Perhaps the most harrowing period in Churchill’s modern history, and indeed Canada’s in general, was a failed 1960s government experiment that forcibly relocated the 300-strong Dene people from their ancestral hunting grounds in the north to a location 10 miles from Churchill. Divorced from the land which had sustained them for generations and dependent on peripatetic government handouts, the tribe turned upon itself in a cycle of alcohol addiction, poverty and violence that resulted in the death of one third of its inhabitants over one decade. Deserted since the early 1970s, the location known as Dene Village was visited by Newhall. Walking through the foundations of a home, he came across a package wrapped in black plastic garbage bags secured by duct tape. Unwrapping it he found a stack of 8 x 10 glossy fetish shots depicting clothed women with impossibly large breasts. Newhall re-photographed the prints on location with his field camera, requiring so much concentration to set up and focus that he brought along a friend with a shotgun to protect himself from the very real threat of a bear attack. The 8 x 10s, aged through successive freeze and thaw cycles into a washed-out cyan, are transformed in this process from seedy props to aura-filled relics. Having finished with the original photographs, Newhall placed them back where he found them.

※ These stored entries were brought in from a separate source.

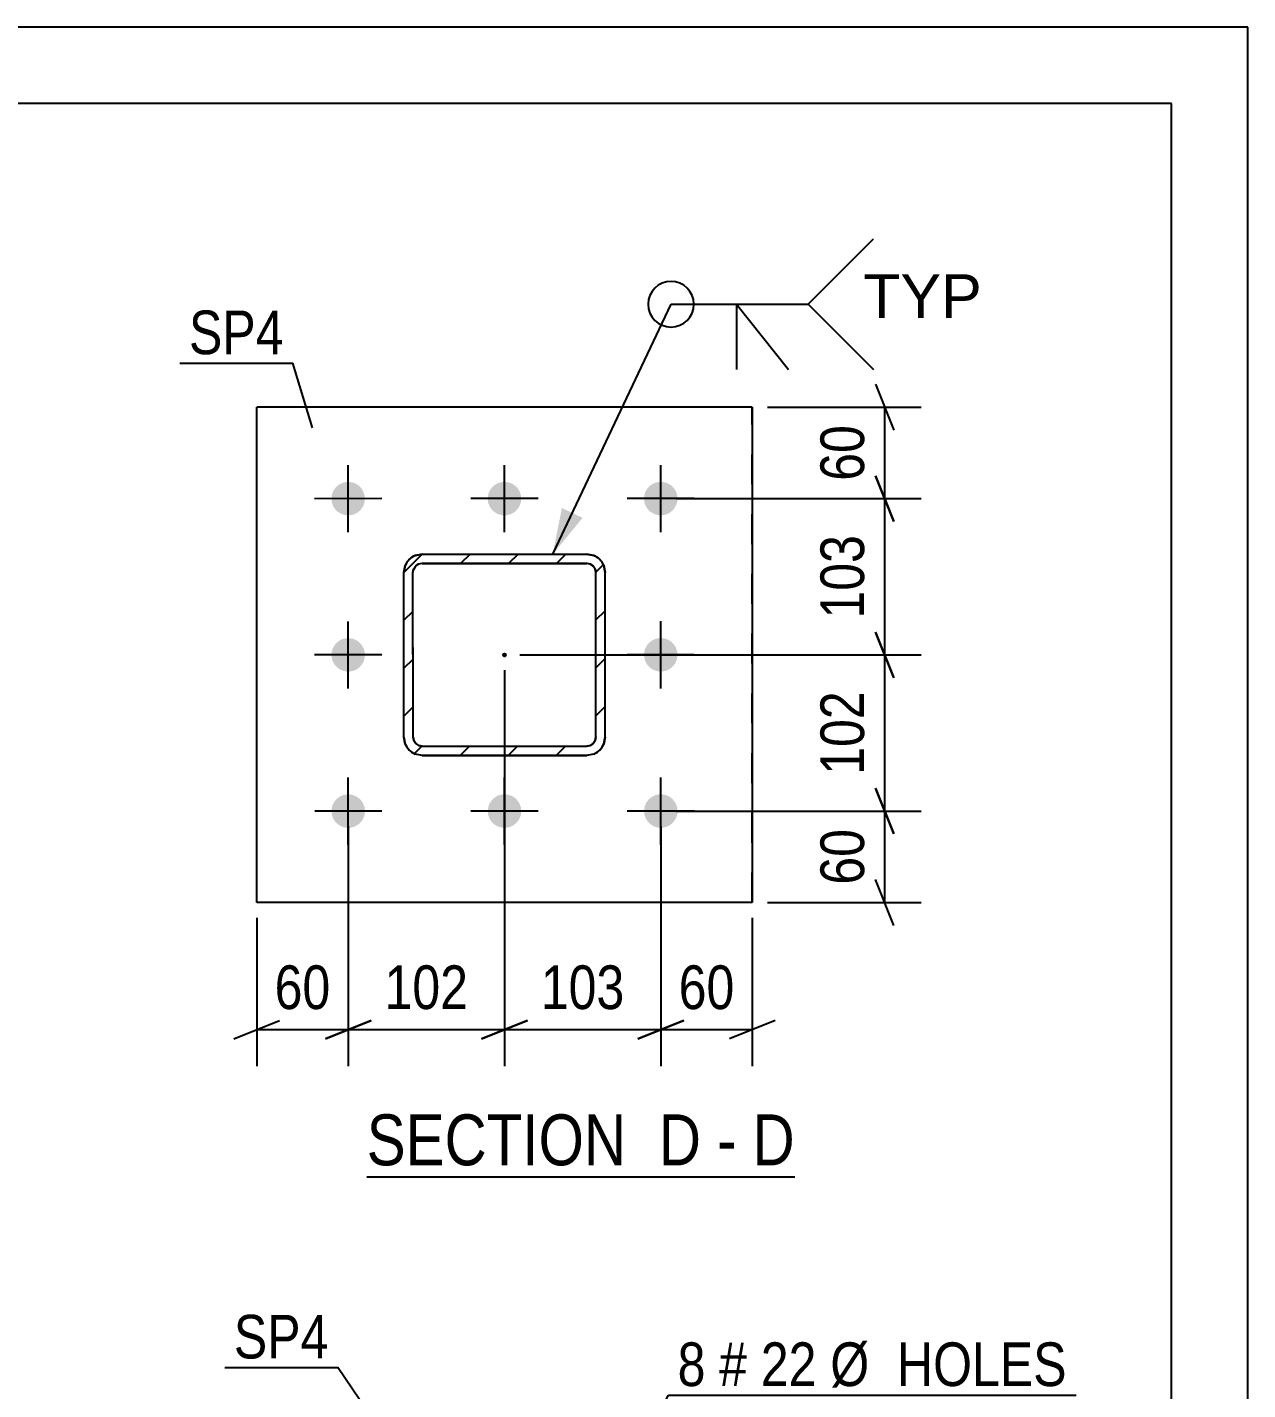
# Model space of a CAD drawing. Header units: millimetres. Extents: x 0 to 594, y 0 to 420.
# Drawn here: x 514 to 594, y 330.6 to 420 of the extents above; entities that cross this region are included whole.
import ezdxf

# ---------------------------------------------------------------- set-up
doc = ezdxf.new("R2010")
doc.units = ezdxf.units.MM
doc.linetypes.add('DXK_LINE_DOT2', pattern=[3.9198, 1.9599, -1.9599])
doc.linetypes.add('DXK_LINE_DOT3', pattern=[5.9187, 2.979, -0.9799, 0.9799, -0.9799])
doc.styles.add('Arial', font='arial.ttf', dxfattribs={"height": 0.2})
doc.styles.add('Arial Narrow', font='ARIALN.TTF', dxfattribs={"height": 0.2})

# ---------------------------------------------------------------- blocks, each defined once
blk = doc.blocks.new('Unknown-681868478-1131')
at = {"color": 5, "linetype": 'Continuous'}
for p, q in [((594, 420), (0, 420)), ((594, 0), (594, 420)), ((589, 415), (5, 415)), ((589, 5), (589, 415))]:
    blk.add_line(p, q, dxfattribs=at)
blk = doc.blocks.new('Unknown-681868478-13 - 9248')
at = {"color": 6, "linetype": 'Continuous'}
blk.add_line((536.222, 344.583), (564.293, 344.583), dxfattribs=at)
at = {"color": 0, "linetype": 'Continuous'}
for points in [[(554.331, 345.333), (554.331, 348.833), (536.222, 348.833), (536.222, 345.333)], [(558.149, 345.333), (558.149, 348.833), (555.381, 348.833), (555.381, 345.333)], [(560.474, 345.333), (560.474, 348.833), (559.199, 348.833), (559.199, 345.333)], [(564.293, 345.333), (564.293, 348.833), (561.524, 348.833), (561.524, 345.333)]]:
    blk.add_wipeout(points, dxfattribs=at)
at = {"color": 7, "linetype": 'Continuous', "style": 'Arial Narrow'}
for s, height, p in [('SECTION ', 3.3405, (536.222, 345.333)), ('D', 3.34, (555.381, 345.333)), ('D', 3.34, (561.524, 345.333)), ('-', 3.34, (559.199, 345.333))]:
    blk.add_text(s, height=height, dxfattribs=at).set_placement(p)
blk = doc.blocks.new('Part-681868478-9282 - 9248')
at = {"linetype": 'Continuous'}
h = blk.add_hatch(dxfattribs=at)
h.set_pattern_fill('', scale=0.7, style=0, pattern_type=0)
h.set_pattern_definition([(45, (539.8552, 385.4322), (-1.57154, 1.57154), [])])
h.paths.add_polyline_path([(550.655, 385.434), (539.855, 385.432), (539.396, 385.341), (539.007, 385.081), (538.747, 384.691), (538.655, 384.232), (538.657, 373.432), (538.749, 372.973), (539.009, 372.584), (539.398, 372.323), (539.857, 372.232), (550.657, 372.234), (551.117, 372.326), (551.506, 372.586), (551.766, 372.975), (551.857, 373.434), (551.855, 384.234), (551.764, 384.694), (551.504, 385.083), (551.114, 385.343)])
h.paths.add_polyline_path([(551.21, 384.464), (551.255, 384.234), (551.257, 373.434), (551.212, 373.205), (551.082, 373.01), (550.887, 372.88), (550.657, 372.834), (539.857, 372.832), (539.628, 372.878), (539.433, 373.008), (539.303, 373.203), (539.257, 373.432), (539.255, 384.232), (539.301, 384.462), (539.431, 384.656), (539.626, 384.787), (539.855, 384.832), (550.655, 384.834), (550.885, 384.788), (551.08, 384.658)])
blk.add_hatch(color=246, dxfattribs=at).paths.add_polyline_path([(545.255, 378.722, -1), (545.255, 378.922, -1)])
at = {"color": 7, "linetype": 'DXK_LINE_DOT2'}
for p, q in [((539.395, 385.331), (539.854, 385.422)), ((539.854, 385.422), (539.855, 385.432)), ((539.854, 385.422), (550.654, 385.424)), ((550.654, 385.424), (550.655, 385.434)), ((550.654, 385.424), (551.114, 385.333)), ((538.655, 384.222), (538.746, 384.682)), ((539.3, 384.452), (539.301, 384.462)), ((551.763, 384.684), (551.855, 384.225)), ((538.655, 384.222), (538.655, 384.232)), ((538.656, 373.436), (538.655, 384.222)), ((539.255, 384.222), (539.255, 384.232)), ((539.255, 384.222), (539.255, 384.226)), ((539.256, 373.422), (539.255, 384.222)), ((551.255, 384.224), (551.255, 384.234)), ((551.256, 373.424), (551.255, 384.224)), ((551.855, 384.225), (551.855, 384.234)), ((551.856, 373.425), (551.855, 384.225)), ((539.256, 373.422), (539.257, 373.432)), ((539.256, 373.422), (539.302, 373.193)), ((539.302, 373.193), (539.432, 372.998)), ((539.432, 372.998), (539.627, 372.868)), ((539.627, 372.868), (539.857, 372.822)), ((539.857, 372.822), (539.857, 372.832)), ((539.857, 372.822), (550.657, 372.824)), ((550.657, 372.824), (550.886, 372.87)), ((550.657, 372.824), (550.657, 372.834)), ((550.886, 372.87), (551.081, 373)), ((551.081, 373), (551.211, 373.195)), ((551.211, 373.195), (551.256, 373.424)), ((551.256, 373.424), (551.257, 373.434)), ((551.856, 373.425), (551.857, 373.434))]:
    blk.add_line(p, q, dxfattribs=at)
at = {"color": 2, "linetype": 'Continuous'}
for p, q in [((539.855, 385.432), (539.396, 385.341)), ((539.855, 385.432), (550.655, 385.434)), ((551.114, 385.343), (550.655, 385.434)), ((538.747, 384.691), (538.655, 384.232)), ((539.255, 384.232), (539.301, 384.462)), ((539.255, 384.226), (539.3, 384.452)), ((539.43, 384.647), (539.3, 384.452)), ((539.301, 384.462), (539.431, 384.656)), ((539.625, 384.777), (539.43, 384.647)), ((539.431, 384.656), (539.626, 384.787)), ((539.854, 384.822), (539.625, 384.777)), ((539.626, 384.787), (539.855, 384.832)), ((539.854, 384.822), (539.855, 384.832)), ((539.854, 384.822), (550.654, 384.824)), ((539.855, 384.832), (550.655, 384.834)), ((550.654, 384.824), (550.655, 384.834)), ((550.884, 384.779), (550.654, 384.824)), ((550.655, 384.834), (550.885, 384.788)), ((551.079, 384.649), (550.884, 384.779)), ((550.885, 384.788), (551.08, 384.658)), ((551.209, 384.454), (551.079, 384.649)), ((551.08, 384.658), (551.21, 384.464)), ((551.255, 384.224), (551.209, 384.454)), ((551.21, 384.464), (551.255, 384.234)), ((551.855, 384.234), (551.764, 384.694)), ((538.657, 373.432), (538.655, 384.232)), ((539.257, 373.432), (539.255, 384.232)), ((551.257, 373.434), (551.255, 384.234)), ((551.857, 373.434), (551.855, 384.234)), ((538.656, 373.422), (538.656, 373.436)), ((538.656, 373.422), (538.657, 373.432)), ((538.748, 372.963), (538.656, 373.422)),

Twelve of his prints are collected in the Dene Village Portfolio on view in this exhibition. Looking through the series has an intimate quality. For me, the women’s personalities have outlasted the objectifying purpose of the original images. The subjects seem patient in their long journey towards eventual breakdown.
One of the three virtually monochromatic white prints on display, Whiteout (No. 2), contains a faint outline of a machine on giant wheels approaching from the distance. The thing might be plucked from a science fiction film, a remote planet on which some hero is deserted, or a post-apocalyptic vision of an ice-aged earth. In fact it is a tundra buggy, a souped-up tourist bus returning from a trip across the icy plains to view polar bears. Within the economy of decline mapped out by the other works in Northern Studies, it is tempting to imagine this the last tundra buggy returning from a sighting of the last polar bear. “I began to get the impression,” says a geographer in Gould’s documentary, “that the North is a land of very narrow, very thin margins.” It is hard to imagine a photograph that could better capture the complexities of such a statement.